The Prince and the Paupers

I still regard myself as a loyal subject of Her Britannic Majesty, Queen Elizabeth II, but it’s hard not to come over all Cromwellian when her son and heir says something like this. He has praised the Mumbai shanty town featured in the film that everyone’s talking about (it seems), Slumdog Millionaire, as an architectural model for the world.

His Royal Highness said:

I strongly believe that the west has much to learn from societies and places which, while sometimes poorer in material terms are infinitely richer in the ways in which they live and organise themselves as communities…

It may be the case that in a few years’ time such communities will be perceived as best equipped to face the challenges that confront us because they have a built-in resilience and genuinely durable ways of living.

One wonders why, if these communities are more “resilient” and “genuinely durable,” they always seem to be the first to be wiped out whenever there is any kind of natural disaster.
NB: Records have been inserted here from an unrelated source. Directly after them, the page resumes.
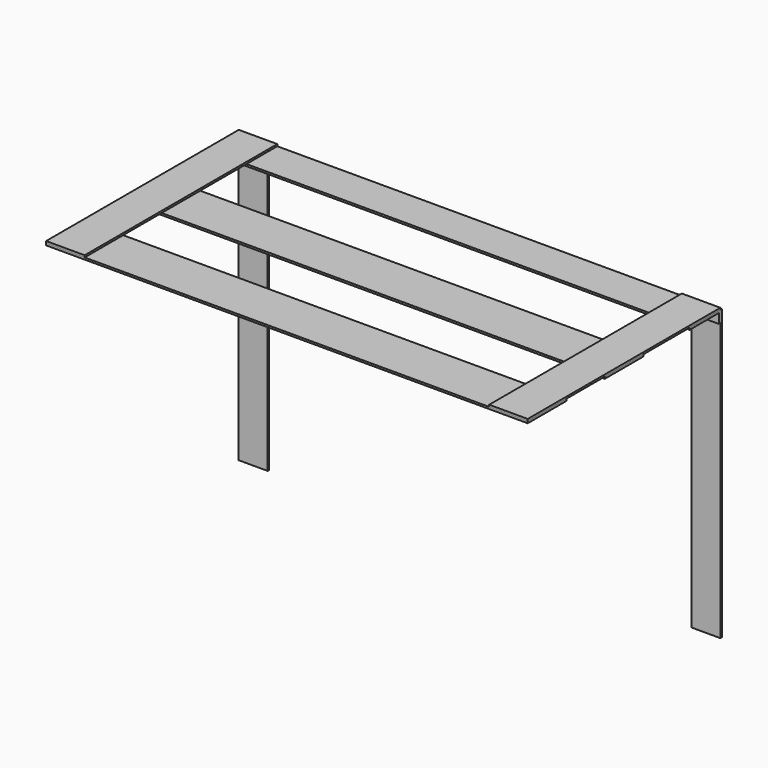
from build123d import *

# Parameters (mm, degrees)
F0_W      = 500
F0_H      = 40
F1_DEPTH  = 2
F2_W      = 40
F2_H      = 250
F3_DEPTH  = 2
F4_W      = 500
F4_H      = 50
F5_DEPTH  = 2
F7_W      = 500
F7_H      = 2
F8_DEPTH  = 10
F9_W      = 30
F9_H      = 300
F10_DEPTH = 2


# Not quite as in the source:
# - a feature names something its author has since deleted; it is built from what else it names


with BuildPart() as f1:
    # F0 (on Top) → F1 (new body)
    with BuildSketch(Plane.XY):
        with Locations((-1.1249929667, 207.531722784)):
            Rectangle(F0_W, F0_H)
    extrude(amount=-F1_DEPTH)

    # F7 (on face) → F8 (join)
    with BuildSketch(Plane(origin=(0, 0, -2), x_dir=(1, 0, 0), z_dir=(0, 0, -1))):
        with Locations((-1.1249929667, -226.531722784)):
            Rectangle(F7_W, F7_H)
    extrude(amount=F8_DEPTH)

    # F9 (on face) → F10 (join)
    with BuildSketch(Plane(origin=(0, 227.531722784, 0), x_dir=(-1, 0, 0), z_dir=(0, 1, 0))):
        with Locations((-233.8750070333, -150)):
            Rectangle(F9_W, F9_H)
        with Locations((236.1249929667, -150)):
            Rectangle(F9_W, F9_H)
    extrude(amount=F10_DEPTH)


with BuildPart() as f3:
    # F2 (on Top) → F3 (new body)
    with BuildSketch(Plane.XY):
        with Locations((-231.1249929667, 102.531722784)):
            Rectangle(F2_W, F2_H)
    extrude(amount=F3_DEPTH)


with BuildPart() as f3b:
    # F2 (on Top) → F3, piece 2 (new body)
    with BuildSketch(Plane.XY):
        with Locations((228.8750070333, 102.531722784)):
            Rectangle(F2_W, F2_H)
    extrude(amount=F3_DEPTH)


with BuildPart() as f5:
    # F4 (on Top) → F5 (new body)
    with BuildSketch(Plane.XY):
        with Locations((-1.1249929667, 2.531722784)):
            Rectangle(F4_W, F4_H)
    extrude(amount=-F5_DEPTH)


with BuildPart() as f5b:
    # F4 (on Top) → F5, piece 2 (new body)
    with BuildSketch(Plane.XY):
        with Locations((-1.1249929667, 102.531722784)):
            Rectangle(F4_W, F4_H)
    extrude(amount=-F5_DEPTH)


solid = Compound([f1.part, f3.part, f3b.part, f5.part, f5b.part])

One also wonders why HRH hasn’t moved out of Highgrove and into some British equivalent of Dharavi. Perhaps that’s because, thank God, there isn’t one (although some areas of certain cities come close).

It seems that His Royal Highness has chosen to apply the mantra I=PAT to the way people try to live, where I = impact on the planet, P = population, A = affluence and T = technological level. The lover P, A or T are, the better. As I point out in my book, The Really Inconvenient Truths, another way of looking at this is S = DPS, where D is the Death of 4–5 billion people, P is the Poverty of those that remain, and S is the Technological Stagnation that they live within. Prince Charles may not have called for the death of billions, but he certainly seems to be doing his bit to glamorize poverty and technological stagnation.